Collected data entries
# # # # # # #

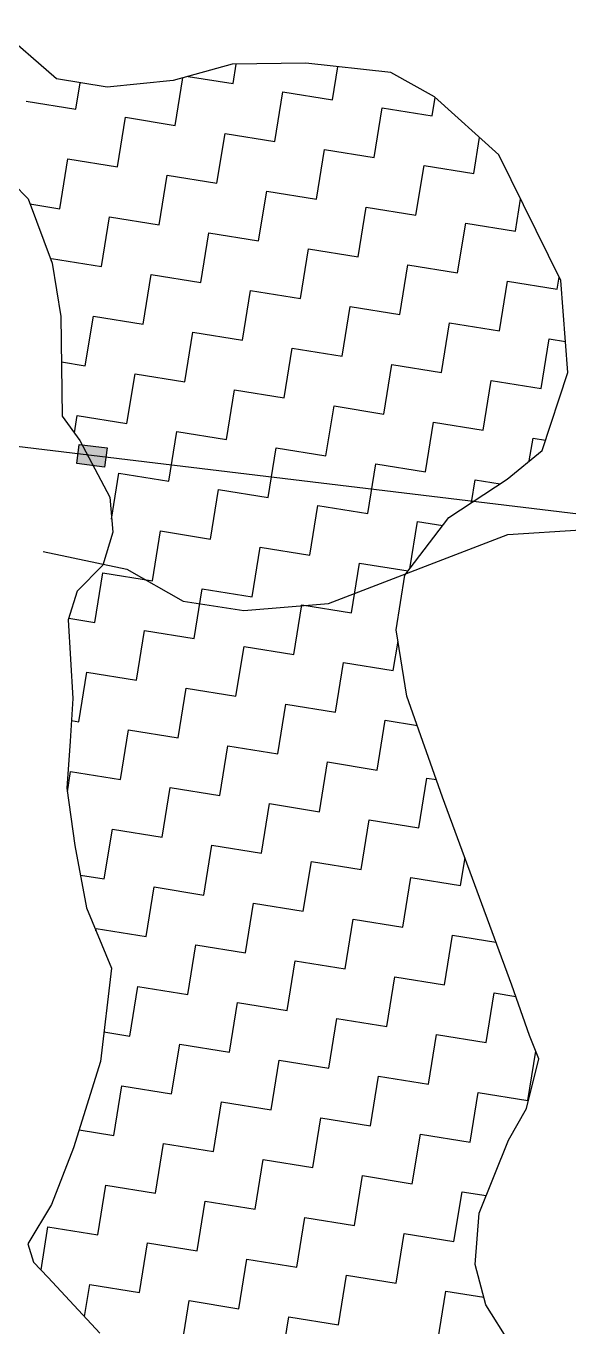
# Model space of a CAD drawing. Header units: metres. Extents: x 318079 to 324759, y 1863980 to 1868406.
# Drawn here: x 319843.2 to 319986.2, y 1866842.6 to 1867185.6 of the extents above; entities that cross this region are included whole.
import ezdxf

# ---------------------------------------------------------------- set-up
doc = ezdxf.new("R2010")
doc.units = ezdxf.units.M
for name, color, linetype in [('LINE_WATER', 4, 'Continuous'), ('POLY_HATCH', 12, 'Continuous'), ('POLY_PARCEL', 6, 'Continuous')]:
    doc.layers.add(name, color=color, linetype=linetype)

msp = doc.modelspace()

# ---------------------------------------------------------------- hatches: boundary and pattern name
msp.add_hatch(color=256).paths.add_polyline_path([(319863.89, 1867069.31), (319864.54, 1867074.38), (319857.21, 1867075.31), (319856.56, 1867070.24)])

# ---------------------------------------------------------------- linework, layer by layer
msp.add_lwpolyline([(319857.21, 1867075.31), (319864.54, 1867074.38), (319863.89, 1867069.31), (319856.56, 1867070.24)], close=True)
at = {"layer": 'LINE_WATER'}
for p, q in [((319922.92, 1867033.4), (319970.15, 1867051.54)), ((319970.15, 1867051.54), (319989.39, 1867052.76)), ((319847.7, 1867047.09), (319869.72, 1867042.39)), ((319869.72, 1867042.39), (319884.56, 1867033.97)), ((319884.56, 1867033.97), (319900.57, 1867031.56)), ((319900.57, 1867031.56), (319922.92, 1867033.4))]:
    msp.add_line(p, q, dxfattribs=at)
at = {"layer": 'POLY_HATCH'}
for p, q in [((319851.2, 1867171.66), (319835.21, 1867185.63)), ((319897.46, 1867175.56), (319881.94, 1867171.24)), ((319916.9, 1867175.83), (319897.46, 1867175.56)), ((319939.31, 1867173.35), (319916.9, 1867175.83)), ((319864.54, 1867169.5), (319851.2, 1867171.66)), ((319950.82, 1867166.93), (319939.31, 1867173.35)), ((319881.94, 1867171.24), (319864.54, 1867169.5)), ((319967.75, 1867151.67), (319950.82, 1867166.93)), ((319984.1, 1867118.49), (319967.75, 1867151.67)), ((319839.82, 1867144.09), (319843.73, 1867140.04)), ((319843.73, 1867140.04), (319850.11, 1867123.07)), ((319850.11, 1867123.07), (319852.4, 1867109.04)), ((319985.89, 1867094.29), (319984.1, 1867118.49)), ((319852.4, 1867109.04), (319852.72, 1867082.8)), ((319979.15, 1867073.74), (319985.89, 1867094.29)), ((319852.72, 1867082.8), (319857.38, 1867076.35)), ((319857.38, 1867076.35), (319865.23, 1867061.41)), ((319969.93, 1867066.13), (319979.15, 1867073.74)), ((319954.62, 1867056.08), (319969.93, 1867066.13)), ((319865.23, 1867061.41), (319866.02, 1867052.18)), ((319943.03, 1867040.87), (319954.62, 1867056.08)), ((319866.02, 1867052.18), (319863.47, 1867043.48)), ((319863.47, 1867043.48), (319856.65, 1867036.61)), ((319940.7, 1867026.45), (319943.03, 1867040.87)), ((319856.65, 1867036.61), (319854.29, 1867029.02)), ((319854.29, 1867029.02), (319855.5, 1867008.33)), ((319943.56, 1867008.9), (319940.7, 1867026.45)), ((319855.5, 1867008.33), (319854.82, 1866997.06)), ((319952.95, 1866982.33), (319943.56, 1867008.9)), ((319854.82, 1866997.06), (319853.96, 1866984.67)), ((319853.96, 1866984.67), (319856.07, 1866969.53)), ((319971.16, 1866932.7), (319952.95, 1866982.33)), ((319856.07, 1866969.53), (319859.11, 1866953.09)), ((319859.11, 1866953.09), (319865.67, 1866937.23)), ((319865.67, 1866937.23), (319862.84, 1866912.64)), ((319975.86, 1866919.42), (319971.16, 1866932.7)), ((319978.3, 1866913.33), (319975.86, 1866919.42)), ((319862.84, 1866912.64), (319855.73, 1866889.87)), ((319975.03, 1866900.19), (319978.3, 1866913.33)), ((319970.26, 1866891.86), (319975.03, 1866900.19)), ((319962.58, 1866872.6), (319970.26, 1866891.86)), ((319855.73, 1866889.87), (319849.89, 1866874.88)), ((319849.89, 1866874.88), (319843.64, 1866864.5)), ((319961.54, 1866859.11), (319962.58, 1866872.6)), ((319843.64, 1866864.5), (319845.15, 1866859.7)), ((319845.15, 1866859.7), (319849.06, 1866855.65)), ((319964.37, 1866848.4), (319961.54, 1866859.11)), ((319849.06, 1866855.65), (319862.65, 1866840.93)), ((319970.72, 1866838.26), (319964.37, 1866848.4))]:
    msp.add_line(p, q, dxfattribs=at)
at = {"layer": 'POLY_HATCH', "linetype": 'Continuous'}
for p, q in [((319897.74, 1867170.43), (319898.57, 1867175.58)), ((319897.74, 1867170.43), (319898.57, 1867175.58)), ((319882.51, 1867159.44), (319884.54, 1867171.96)), ((319882.51, 1867159.44), (319884.54, 1867171.96)), ((319885.9, 1867172.34), (319897.74, 1867170.43)), ((319885.9, 1867172.34), (319897.74, 1867170.43)), ((319923.95, 1867166.19), (319925.36, 1867174.89)), ((319923.95, 1867166.19), (319925.36, 1867174.89)), ((319856.3, 1867163.68), (319857.43, 1867170.65)), ((319856.3, 1867163.68), (319857.43, 1867170.65)), ((319908.72, 1867155.2), (319910.84, 1867168.31)), ((319908.72, 1867155.2), (319910.84, 1867168.31)), ((319910.84, 1867168.31), (319923.95, 1867166.19)), ((319910.84, 1867168.31), (319923.95, 1867166.19)), ((319843.2, 1867165.8), (319856.3, 1867163.68)), ((319843.2, 1867165.8), (319856.3, 1867163.68)), ((319950.16, 1867161.95), (319950.95, 1867166.82)), ((319950.16, 1867161.95), (319950.95, 1867166.82)), ((319867.29, 1867148.46), (319869.41, 1867161.56)), ((319867.29, 1867148.46), (319869.41, 1867161.56)), ((319869.41, 1867161.56), (319882.51, 1867159.44)), ((319869.41, 1867161.56), (319882.51, 1867159.44)), ((319934.93, 1867150.96), (319937.05, 1867164.07)), ((319934.93, 1867150.96), (319937.05, 1867164.07)), ((319937.05, 1867164.07), (319950.16, 1867161.95)), ((319937.05, 1867164.07), (319950.16, 1867161.95)), ((319893.5, 1867144.22), (319895.62, 1867157.32)), ((319893.5, 1867144.22), (319895.62, 1867157.32)), ((319895.62, 1867157.32), (319908.72, 1867155.2)), ((319895.62, 1867157.32), (319908.72, 1867155.2)), ((319961.14, 1867146.72), (319962.68, 1867156.23)), ((319961.14, 1867146.72), (319962.68, 1867156.23)), ((319919.71, 1867139.98), (319921.83, 1867153.08)), ((319919.71, 1867139.98), (319921.83, 1867153.08)), ((319921.83, 1867153.08), (319934.93, 1867150.96)), ((319921.83, 1867153.08), (319934.93, 1867150.96)), ((319852.06, 1867137.47), (319854.18, 1867150.58)), ((319852.06, 1867137.47), (319854.18, 1867150.58)), ((319854.18, 1867150.58), (319867.29, 1867148.46)), ((319854.18, 1867150.58), (319867.29, 1867148.46)), ((319945.92, 1867135.74), (319948.04, 1867148.84)), ((319945.92, 1867135.74), (319948.04, 1867148.84)), ((319948.04, 1867148.84), (319961.14, 1867146.72)), ((319948.04, 1867148.84), (319961.14, 1867146.72)), ((319878.27, 1867133.23), (319880.39, 1867146.34)), ((319878.27, 1867133.23), (319880.39, 1867146.34)), ((319880.39, 1867146.34), (319893.5, 1867144.22)), ((319880.39, 1867146.34), (319893.5, 1867144.22)), ((319904.48, 1867128.99), (319906.6, 1867142.1)), ((319904.48, 1867128.99), (319906.6, 1867142.1)), ((319906.6, 1867142.1), (319919.71, 1867139.98)), ((319906.6, 1867142.1), (319919.71, 1867139.98)), ((319844.22, 1867138.74), (319852.06, 1867137.47)), ((319844.22, 1867138.74), (319852.06, 1867137.47)), ((319930.69, 1867124.75), (319932.81, 1867137.86)), ((319930.69, 1867124.75), (319932.81, 1867137.86)), ((319932.81, 1867137.86), (319945.92, 1867135.74)), ((319932.81, 1867137.86), (319945.92, 1867135.74)), ((319972.13, 1867131.5), (319973.5, 1867139.99)), ((319972.13, 1867131.5), (319973.5, 1867139.99)), ((319863.05, 1867122.24), (319865.17, 1867135.35)), ((319863.05, 1867122.24), (319865.17, 1867135.35)), ((319865.17, 1867135.35), (319878.27, 1867133.23)), ((319865.17, 1867135.35), (319878.27, 1867133.23)), ((319889.26, 1867118.01), (319891.38, 1867131.11)), ((319889.26, 1867118.01), (319891.38, 1867131.11)), ((319891.38, 1867131.11), (319904.48, 1867128.99)), ((319891.38, 1867131.11), (319904.48, 1867128.99)), ((319956.9, 1867120.51), (319959.02, 1867133.62)), ((319956.9, 1867120.51), (319959.02, 1867133.62)), ((319959.02, 1867133.62), (319972.13, 1867131.5)), ((319959.02, 1867133.62), (319972.13, 1867131.5)), ((319849.85, 1867123.77), (319849.94, 1867124.36)), ((319849.85, 1867123.77), (319849.94, 1867124.36)), ((319849.94, 1867124.36), (319863.05, 1867122.24)), ((319849.94, 1867124.36), (319863.05, 1867122.24)), ((319915.47, 1867113.77), (319917.59, 1867126.87)), ((319915.47, 1867113.77), (319917.59, 1867126.87)), ((319917.59, 1867126.87), (319930.69, 1867124.75)), ((319917.59, 1867126.87), (319930.69, 1867124.75)), ((319874.03, 1867107.02), (319876.15, 1867120.12)), ((319874.03, 1867107.02), (319876.15, 1867120.12)), ((319876.15, 1867120.12), (319889.26, 1867118.01)), ((319876.15, 1867120.12), (319889.26, 1867118.01)), ((319941.68, 1867109.53), (319943.8, 1867122.63)), ((319941.68, 1867109.53), (319943.8, 1867122.63)), ((319943.8, 1867122.63), (319956.9, 1867120.51)), ((319943.8, 1867122.63), (319956.9, 1867120.51)), ((319967.89, 1867105.29), (319970.01, 1867118.39)), ((319967.89, 1867105.29), (319970.01, 1867118.39)), ((319970.01, 1867118.39), (319983.11, 1867116.27)), ((319970.01, 1867118.39), (319983.11, 1867116.27)), ((319983.11, 1867116.27), (319983.63, 1867119.45)), ((319983.11, 1867116.27), (319983.63, 1867119.45)), ((319900.24, 1867102.78), (319902.36, 1867115.89)), ((319900.24, 1867102.78), (319902.36, 1867115.89)), ((319902.36, 1867115.89), (319915.47, 1867113.77)), ((319902.36, 1867115.89), (319915.47, 1867113.77)), ((319926.45, 1867098.54), (319928.57, 1867111.65)), ((319926.45, 1867098.54), (319928.57, 1867111.65)), ((319928.57, 1867111.65), (319941.68, 1867109.53)), ((319928.57, 1867111.65), (319941.68, 1867109.53)), ((319858.81, 1867096.03), (319860.93, 1867109.14)), ((319858.81, 1867096.03), (319860.93, 1867109.14)), ((319860.93, 1867109.14), (319874.03, 1867107.02)), ((319860.93, 1867109.14), (319874.03, 1867107.02)), ((319952.66, 1867094.3), (319954.78, 1867107.41)), ((319952.66, 1867094.3), (319954.78, 1867107.41)), ((319954.78, 1867107.41), (319967.89, 1867105.29)), ((319954.78, 1867107.41), (319967.89, 1867105.29)), ((319885.02, 1867091.79), (319887.14, 1867104.9)), ((319885.02, 1867091.79), (319887.14, 1867104.9)), ((319887.14, 1867104.9), (319900.24, 1867102.78)), ((319887.14, 1867104.9), (319900.24, 1867102.78)), ((319978.88, 1867090.06), (319981, 1867103.17)), ((319978.88, 1867090.06), (319981, 1867103.17)), ((319981, 1867103.17), (319985.29, 1867102.47)), ((319981, 1867103.17), (319985.29, 1867102.47)), ((319911.23, 1867087.55), (319913.35, 1867100.66)), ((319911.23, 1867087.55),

# # # # # # #

__BRIEF__
Check each line of the records above, and copy those that hold the word "ezdxf".

__EXERCISE RESULT__
import ezdxf
doc = ezdxf.new("R2010")
doc.units = ezdxf.units.M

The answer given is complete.